The answer is every line of the records that holds the word "mechanical", copied in full.
PROVIDED RECORDS section start
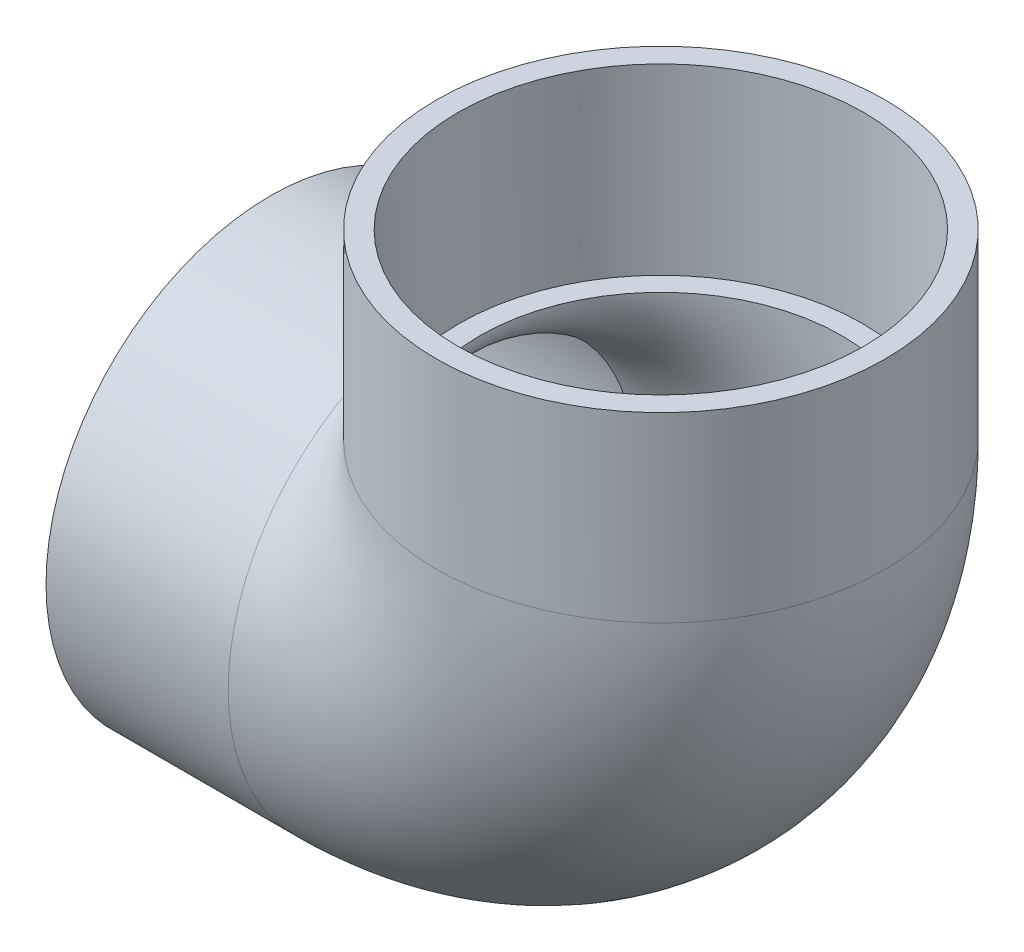
ISO-10303-21;
HEADER;
FILE_DESCRIPTION(('STEP AP214'),'2;1');
FILE_NAME('part.step','',(''),(''),'','','');
FILE_SCHEMA(('AUTOMOTIVE_DESIGN { 1 0 10303 214 1 1 1 1 }'));
ENDSEC;
DATA;
#1=APPLICATION_CONTEXT('core data for automotive mechanical design processes');
#2=APPLICATION_PROTOCOL_DEFINITION('international standard','automotive_design',2000,#1);
#3=PRODUCT_CONTEXT('',#1,'mechanical');
#4=PRODUCT('Part','Part','',(#3));
#5=PRODUCT_RELATED_PRODUCT_CATEGORY('part','',(#4));
#6=PRODUCT_DEFINITION_FORMATION('','',#4);
#7=PRODUCT_DEFINITION_CONTEXT('part definition',#1,'design');
#8=PRODUCT_DEFINITION('design','',#6,#7);
#9=PRODUCT_DEFINITION_SHAPE('','',#8);
#10=(LENGTH_UNIT() NAMED_UNIT(*) SI_UNIT(.MILLI.,.METRE.));
#11=(NAMED_UNIT(*) PLANE_ANGLE_UNIT() SI_UNIT($,.RADIAN.));
#12=(NAMED_UNIT(*) SI_UNIT($,.STERADIAN.) SOLID_ANGLE_UNIT());
#13=UNCERTAINTY_MEASURE_WITH_UNIT(LENGTH_MEASURE(1.E-05),#10,'distance_accuracy_value','');
#14=(GEOMETRIC_REPRESENTATION_CONTEXT(3) GLOBAL_UNCERTAINTY_ASSIGNED_CONTEXT((#13)) GLOBAL_UNIT_ASSIGNED_CONTEXT((#10,
#11,#12)) REPRESENTATION_CONTEXT('',''));
#15=CARTESIAN_POINT('',(0.,0.,0.));
#16=DIRECTION('',(0.,0.,1.));
#17=DIRECTION('',(1.,0.,0.));
#18=AXIS2_PLACEMENT_3D('',#15,#16,#17);
#19=CARTESIAN_POINT('',(-110.49,-63.4999999999999,-1.33226762955019E-12));
#20=DIRECTION('',(-1.,0.,0.));
#21=DIRECTION('',(0.,0.,1.));
#22=AXIS2_PLACEMENT_3D('',#19,#20,#21);
#23=PLANE('',#22);
#24=CARTESIAN_POINT('',(-110.49,0.,-1.33226762955019E-12));
#25=DIRECTION('',(-1.,0.,0.));
#26=DIRECTION('',(0.,0.,1.));
#27=AXIS2_PLACEMENT_3D('',#24,#25,#26);
#28=CIRCLE('',#27,63.5);
#29=CARTESIAN_POINT('',(-110.49,0.,63.4999999999987));
#30=VERTEX_POINT('',#29);
#31=EDGE_CURVE('E52',#30,#30,#28,.T.);
#32=ORIENTED_EDGE('',*,*,#31,.T.);
#33=EDGE_LOOP('',(#32));
#34=FACE_BOUND('',#33,.T.);
#35=CARTESIAN_POINT('',(-110.49,0.,-1.33226762955019E-12));
#36=DIRECTION('',(-1.,0.,0.));
#37=DIRECTION('',(0.,0.,1.));
#38=AXIS2_PLACEMENT_3D('',#35,#36,#37);
#39=CIRCLE('',#38,57.3786);
#40=CARTESIAN_POINT('',(-110.49,0.,57.3785999999987));
#41=VERTEX_POINT('',#40);
#42=EDGE_CURVE('E39',#41,#41,#39,.T.);
#43=ORIENTED_EDGE('',*,*,#42,.F.);
#44=EDGE_LOOP('',(#43));
#45=FACE_BOUND('',#44,.T.);
#46=ADVANCED_FACE('F32',(#34,#45),#23,.T.);
#47=CARTESIAN_POINT('',(-58.9279999999999,0.,-1.33226762955019E-12));
#48=DIRECTION('',(-1.,0.,0.));
#49=DIRECTION('',(0.,0.,1.));
#50=AXIS2_PLACEMENT_3D('',#47,#48,#49);
#51=CONICAL_SURFACE('',#50,57.0357,0.0066501482705858);
#52=ORIENTED_EDGE('',*,*,#42,.T.);
#53=EDGE_LOOP('',(#52));
#54=FACE_BOUND('',#53,.T.);
#55=CARTESIAN_POINT('',(-58.9279999999999,0.,-1.33226762955019E-12));
#56=DIRECTION('',(-1.,0.,0.));
#57=DIRECTION('',(0.,0.,1.));
#58=AXIS2_PLACEMENT_3D('',#55,#56,#57);
#59=CIRCLE('',#58,57.0357);
#60=CARTESIAN_POINT('',(-58.9279999999998,0.,57.0356999999987));
#61=VERTEX_POINT('',#60);
#62=EDGE_CURVE('E63',#61,#61,#59,.T.);
#63=ORIENTED_EDGE('',*,*,#62,.F.);
#64=EDGE_LOOP('',(#63));
#65=FACE_BOUND('',#64,.T.);
#66=ADVANCED_FACE('F72',(#54,#65),#51,.F.);
#67=CARTESIAN_POINT('',(-110.49,0.,-1.33226762955019E-12));
#68=DIRECTION('',(-1.,0.,0.));
#69=DIRECTION('',(0.,0.,1.));
#70=AXIS2_PLACEMENT_3D('',#67,#68,#69);
#71=CYLINDRICAL_SURFACE('',#70,63.5);
#72=CARTESIAN_POINT('',(0.,0.,0.));
#73=DIRECTION('',(-0.707106781186547,-0.707106781186547,0.));
#74=DIRECTION('',(-0.707106781186547,0.707106781186547,0.));
#75=AXIS2_PLACEMENT_3D('',#72,#73,#74);
#76=ELLIPSE('',#75,89.8025612106915,63.5);
#77=CARTESIAN_POINT('',(-58.9279999999999,58.9279999999999,-23.6588422371016));
#78=VERTEX_POINT('',#77);
#79=CARTESIAN_POINT('',(-58.9279999999999,58.9279999999999,23.6588422370989));
#80=VERTEX_POINT('',#79);
#81=EDGE_CURVE('E51',#78,#80,#76,.F.);
#82=ORIENTED_EDGE('',*,*,#81,.F.);
#83=CARTESIAN_POINT('',(-58.9279999999999,0.,-1.33226762955019E-12));
#84=DIRECTION('',(-1.,0.,0.));
#85=DIRECTION('',(0.,0.,1.));
#86=AXIS2_PLACEMENT_3D('',#83,#84,#85);
#87=CIRCLE('',#86,63.5);
#88=EDGE_CURVE('E58',#78,#80,#87,.T.);
#89=ORIENTED_EDGE('',*,*,#88,.T.);
#90=EDGE_LOOP('',(#82,#89));
#91=FACE_BOUND('',#90,.T.);
#92=ORIENTED_EDGE('',*,*,#31,.F.);
#93=EDGE_LOOP('',(#92));
#94=FACE_BOUND('',#93,.T.);
#95=ADVANCED_FACE('F56',(#91,#94),#71,.T.);
#96=CARTESIAN_POINT('',(-58.9279999999999,58.9279999999999,-1.33226762955019E-12));
#97=DIRECTION('',(0.,0.,-1.));
#98=DIRECTION('',(-1.,0.,0.));
#99=AXIS2_PLACEMENT_3D('',#96,#97,#98);
#100=TOROIDAL_SURFACE('',#99,58.928,51.1302);
#101=CARTESIAN_POINT('',(0.,58.9279999999999,0.));
#102=DIRECTION('',(0.,1.,0.));
#103=DIRECTION('',(0.,0.,-1.));
#104=AXIS2_PLACEMENT_3D('',#101,#102,#103);
#105=CIRCLE('',#104,51.1302);
#106=CARTESIAN_POINT('',(51.1302000000001,58.9279999999999,1.15597186995023E-12));
#107=VERTEX_POINT('',#106);
#108=EDGE_CURVE('E53',#107,#107,#105,.T.);
#109=CARTESIAN_POINT('',(-58.9279999999999,0.,-1.33226762955019E-12));
#110=DIRECTION('',(1.,0.,0.));
#111=DIRECTION('',(0.,0.,-1.));
#112=AXIS2_PLACEMENT_3D('',#109,#110,#111);
#113=CIRCLE('',#112,51.1302);
#114=CARTESIAN_POINT('',(-58.9279999999999,-51.1302000000001,-1.33226762955019E-12));
#115=VERTEX_POINT('',#114);
#116=EDGE_CURVE('E59',#115,#115,#113,.T.);
#117=CARTESIAN_POINT('',(-58.9279999999999,58.9279999999999,-1.33226762955019E-12));
#118=DIRECTION('',(0.,0.,-1.));
#119=DIRECTION('',(-1.,0.,0.));
#120=AXIS2_PLACEMENT_3D('',#117,#118,#119);
#121=CIRCLE('',#120,110.0582);
#122=EDGE_CURVE('',#107,#115,#121,.T.);
#123=ORIENTED_EDGE('',*,*,#108,.T.);
#124=ORIENTED_EDGE('',*,*,#116,.F.);
#125=ORIENTED_EDGE('',*,*,#122,.T.);
#126=ORIENTED_EDGE('',*,*,#122,.F.);
#127=EDGE_LOOP('',(#123,#125,#124,#126));
#128=FACE_BOUND('',#127,.T.);
#129=ADVANCED_FACE('F82',(#128),#100,.F.);
#130=CARTESIAN_POINT('',(-117.856,58.9279999999999,-1.45002942986139E-12));
#131=DIRECTION('',(0.,-1.,0.));
#132=DIRECTION('',(-1.,0.,0.));
#133=AXIS2_PLACEMENT_3D('',#130,#131,#132);
#134=CIRCLE('',#133,63.5);
#135=TRIMMED_CURVE('',#134,(PARAMETER_VALUE(-2.7598047993663)),
(PARAMETER_VALUE(2.7598047993663)),.T.,.PARAMETER.);
#136=CARTESIAN_POINT('',(-58.9279999999999,58.9279999999999,-1.33226762955019E-12));
#137=DIRECTION('',(0.,0.,-1.));
#138=AXIS1_PLACEMENT('',#136,#137);
#139=SURFACE_OF_REVOLUTION('',#135,#138);
#140=CARTESIAN_POINT('',(0.,58.9279999999999,0.));
#141=DIRECTION('',(0.,1.,0.));
#142=DIRECTION('',(0.,0.,-1.));
#143=AXIS2_PLACEMENT_3D('',#140,#141,#142);
#144=CIRCLE('',#143,63.5);
#145=EDGE_CURVE('E45',#80,#78,#144,.T.);
#146=ORIENTED_EDGE('',*,*,#145,.F.);
#147=ORIENTED_EDGE('',*,*,#88,.F.);
#148=EDGE_LOOP('',(#146,#147));
#149=FACE_BOUND('',#148,.T.);
#150=ADVANCED_FACE('F62',(#149),#139,.T.);
#151=CARTESIAN_POINT('',(0.,58.9279999999999,0.));
#152=DIRECTION('',(0.,1.,0.));
#153=DIRECTION('',(0.,0.,-1.));
#154=AXIS2_PLACEMENT_3D('',#151,#152,#153);
#155=PLANE('',#154);
#156=CARTESIAN_POINT('',(0.,58.9279999999999,0.));
#157=DIRECTION('',(0.,1.,0.));
#158=DIRECTION('',(-1.,0.,0.));
#159=AXIS2_PLACEMENT_3D('',#156,#157,#158);
#160=CIRCLE('',#159,57.0357);
#161=CARTESIAN_POINT('',(-57.0357,58.9279999999999,-1.13980225258103E-13));
#162=VERTEX_POINT('',#161);
#163=EDGE_CURVE('E11',#162,#162,#160,.F.);
#164=ORIENTED_EDGE('',*,*,#163,.F.);
#165=EDGE_LOOP('',(#164));
#166=FACE_BOUND('',#165,.T.);
#167=ORIENTED_EDGE('',*,*,#108,.F.);
#168=EDGE_LOOP('',(#167));
#169=FACE_BOUND('',#168,.T.);
#170=ADVANCED_FACE('F89',(#166,#169),#155,.T.);
#171=CARTESIAN_POINT('',(-58.9279999999999,0.,-1.33226762955019E-12));
#172=DIRECTION('',(1.,0.,0.));
#173=DIRECTION('',(0.,0.,-1.));
#174=AXIS2_PLACEMENT_3D('',#171,#172,#173);
#175=PLANE('',#174);
#176=ORIENTED_EDGE('',*,*,#62,.T.);
#177=EDGE_LOOP('',(#176));
#178=FACE_BOUND('',#177,.T.);
#179=ORIENTED_EDGE('',*,*,#116,.T.);
#180=EDGE_LOOP('',(#179));
#181=FACE_BOUND('',#180,.T.);
#182=ADVANCED_FACE('F92',(#178,#181),#175,.F.);
#183=CARTESIAN_POINT('',(63.4999999999999,110.490000000001,0.));
#184=DIRECTION('',(0.,1.,0.));
#185=DIRECTION('',(0.,0.,1.));
#186=AXIS2_PLACEMENT_3D('',#183,#184,#185);
#187=PLANE('',#186);
#188=CARTESIAN_POINT('',(0.,110.49,0.));
#189=DIRECTION('',(0.,-1.,0.));
#190=DIRECTION('',(0.,0.,-1.));
#191=AXIS2_PLACEMENT_3D('',#188,#189,#190);
#192=CIRCLE('',#191,57.3786);
#193=CARTESIAN_POINT('',(-1.14665477113363E-13,110.49,-57.3786));
#194=VERTEX_POINT('',#193);
#195=EDGE_CURVE('E116',#194,#194,#192,.T.);
#196=ORIENTED_EDGE('',*,*,#195,.T.);
#197=EDGE_LOOP('',(#196));
#198=FACE_BOUND('',#197,.T.);
#199=CARTESIAN_POINT('',(0.,110.49,0.));
#200=DIRECTION('',(0.,-1.,0.));
#201=DIRECTION('',(0.,0.,-1.));
#202=AXIS2_PLACEMENT_3D('',#199,#200,#201);
#203=CIRCLE('',#202,63.5);
#204=CARTESIAN_POINT('',(-1.26898491714655E-13,110.49,-63.5));
#205=VERTEX_POINT('',#204);
#206=EDGE_CURVE('E60',#205,#205,#203,.T.);
#207=ORIENTED_EDGE('',*,*,#206,.F.);
#208=EDGE_LOOP('',(#207));
#209=FACE_BOUND('',#208,.T.);
#210=ADVANCED_FACE('F99',(#198,#209),#187,.T.);
#211=CARTESIAN_POINT('',(0.,0.,0.));
#212=DIRECTION('',(0.,-1.,0.));
#213=DIRECTION('',(0.,0.,-1.));
#214=AXIS2_PLACEMENT_3D('',#211,#212,#213);
#215=CYLINDRICAL_SURFACE('',#214,63.5);
#216=ORIENTED_EDGE('',*,*,#206,.T.);
#217=EDGE_LOOP('',(#216));
#218=FACE_BOUND('',#217,.T.);
#219=ORIENTED_EDGE('',*,*,#145,.T.);
#220=ORIENTED_EDGE('',*,*,#81,.T.);
#221=EDGE_LOOP('',(#219,#220));
#222=FACE_BOUND('',#221,.T.);
#223=ADVANCED_FACE('F50',(#218,#222),#215,.T.);
#224=CARTESIAN_POINT('',(0.,110.49,0.));
#225=DIRECTION('',(0.,1.,0.));
#226=DIRECTION('',(0.,0.,1.));
#227=AXIS2_PLACEMENT_3D('',#224,#225,#226);
#228=CONICAL_SURFACE('',#227,57.3786,0.0066501482705858);
#229=ORIENTED_EDGE('',*,*,#163,.T.);
#230=EDGE_LOOP('',(#229));
#231=FACE_BOUND('',#230,.T.);
#232=ORIENTED_EDGE('',*,*,#195,.F.);
#233=EDGE_LOOP('',(#232));
#234=FACE_BOUND('',#233,.T.);
#235=ADVANCED_FACE('F106',(#231,#234),#228,.F.);
#236=CLOSED_SHELL('',(#46,#66,#95,#129,#150,#170,#182,#210,#223,#235));
#237=MANIFOLD_SOLID_BREP('B2',#236);
#238=ADVANCED_BREP_SHAPE_REPRESENTATION('',(#18,#237),#14);
#239=SHAPE_DEFINITION_REPRESENTATION(#9,#238);
ENDSEC;
END-ISO-10303-21;
PROVIDED RECORDS section end
_RESULT_
#1=APPLICATION_CONTEXT('core data for automotive mechanical design processes');
#3=PRODUCT_CONTEXT('',#1,'mechanical');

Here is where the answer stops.